In an effort to differentiate the cell-mediated immune responses in patients who were prone to AV scarring vs AV patients who were not prone to AV scarring, Holland et al investigated various cellular and vascular biomarkers from the biopsies of inflamed lesions on the backs of AV patients.²³ The lesions were 6 hours to 7 days in duration.

Holland et al observed that patients who did not have AV scarring had an effuse influx of CD4+ T cells, macrophages, and Langerhans cells early in the lesions’ development, and a significant number of these cells expressed HLA-DR. In the patients without AV scarring, the investigators also noted significant angiogenesis and vascular adhesion molecule expression in the early phase of their lesion development.

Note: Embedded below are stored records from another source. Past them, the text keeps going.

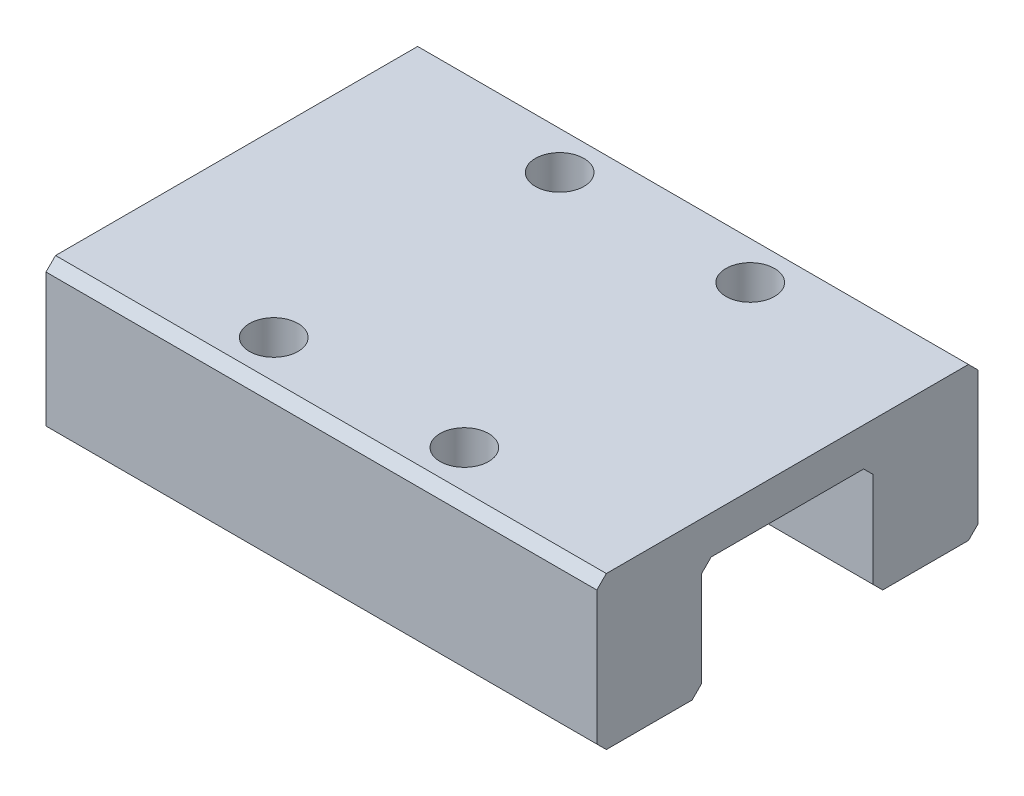
SolidWorks part; units mm, degrees
material "普通碳钢"
ref_plane "前视基准面" through (0, 0, 0) normal (0, 0, 1) x (1, 0, 0)
ref_plane "上视基准面" through (0, 0, 0) normal (0, 1, 0) x (1, 0, 0)
ref_plane "右视基准面" through (0, 0, 0) normal (1, 0, 0) x (0, 0, -1)
sketch "草图2" plane through (0, 0, 0) normal (1, 0, 0) x (0, 0, -1)
  line L0 (-4.5, 0) -> (4.5, 0)
  line L1 (4.5, 0) -> (4.5, -6)
  line L2 (4.5, -6) -> (10, -6)
  line L3 (10, -6) -> (10, 2)
  line L4 (0, 55.2379) -> (0, -46.8755) construction
  line L5 (10, 2) -> (-10, 2)
  line L6 (-10, -6) -> (-10, 2)
  line L7 (-4.5, -6) -> (-10, -6)
  line L8 (-4.5, 0) -> (-4.5, -6)
  point P10 (0, 2)
  point P11 (0, 0)
  dimension "D1" = 8
  dimension "D2" = 2
  dimension "D3" = 4.5
  dimension "D4" = 10
extrude "拉伸1" add sketch "草图2" along normal blind 28.9
chamfer "倒角1" distance 0.5 angle 45 8 edges at (14.45, 0, 4.5) (14.45, -6, -4.5) (14.45, 0, -4.5) (14.45, -6, 10) (14.45, -6, 4.5) (14.45, -6, -10) (14.45, 2, -10) (14.45, 2, 10)
sketch "草图3" plane through (0, 2, 0) normal (0, 1, 0) x (1, 0, 0)
  line L0 (14.45, 23.1296) -> (14.45, -26.0824) construction
  line L1 (28.9, 9.5) -> (28.9, -9.5) construction
  line L2 (-5.6521, 0) -> (44.7927, 0) construction
  circle A0 centre (9.45, 7.5) radius 1.275
  circle A1 centre (19.45, 7.5) radius 1.275
  circle A2 centre (19.45, -7.5) radius 1.275
  circle A3 centre (9.45, -7.5) radius 1.275
  dimension "D2" = 5
  dimension "D3" = 7.5
  dimension "D4" = 2.55
  dimension "D1" = 14.45
extrude "拉伸2" cut sketch "草图3" against normal blind 3
cosmetic thread "装饰螺纹线9" parameters "D2"=3
cosmetic thread "装饰螺纹线10" parameters "D2"=3
cosmetic thread "装饰螺纹线11" parameters "D2"=3
cosmetic thread "装饰螺纹线12" parameters "D2"=3

Conversely, the patients with scarring had significantly less CD4+ T cells, Langerhans cells, and a lower cellular HLA-DR expression in the early development of their lesions. Moreover, patients with scarring had higher angiogenesis molecule expression after 48 hours, and they experienced a later influx of macrophages, and increased cellular HLA-DR expression. Holland et al concluded that patients with scarring had an initial cellular response to AV that was weaker and less effective, but that it was more protracted throughout the resolution of AV lesions.

As the understanding of the pathogenesis of AV has expanded, so has the understanding of multiple facets of P. acnes, including its various genotypes. P. acnes has been subdivided into type I, type II, and type III. Within type I, there are 2 subtypes, IA and IB, whose distinction was initially based on serologic differentiation of cell wall carbohydrates and phage typing and later confirmed by analysis of recA, tly, and CAMP gene sequences.^24,25 P. acnes type III was identified in a 2008 article in which the investigators found isolates belonging to a novel recA cluster of P. acnes that was distinct from types I and II.²⁶

P. acnes type IA has an extremely high association with acne, and it has been shown to be phenotypically resistant to multiple antibiotics, including tetracycline, clindamycin, and erythromycin, because of resistance conferring mutations in the 16S ribosomal RNA gene and the 23S rRNA gene.²⁷ In contrast, P. acnes type 1B is not specifically associated with AV, which challenges the traditional concept that all P. acnes contributes to AV pathogenesis. When comparing the different P. acnes types for pro-inflammatory expression, Jasson et al found that P. acnes type III had the highest pro-inflammatory potential due to its up-regulation of PAR-2, TNF-α, MMP-13, and tissue inhibitor of metalloproteinases-2.²⁸

P. acnes resistance to antibiotics is a major concern for clinicians. A growing body of evidence indicates that antibiotic resistance and AV pathogenesis are associated with particular types or subtypes of P. acnes. For example, resistance to erythromycin was described as early as 1972 and, since then, widespread resistance among P. acnes to macrolides, lincosamines, and tetracyclines has been reported in several countries.^29,30 Acne vulgaris patients who do not respond to antibiotics may carry a strain of P. acnes with diverse virulence potential and antibiotic resistance patterns. These findings provide an explanation for the difficulties in predicting the clinical effects of antibiotic treatment for AV.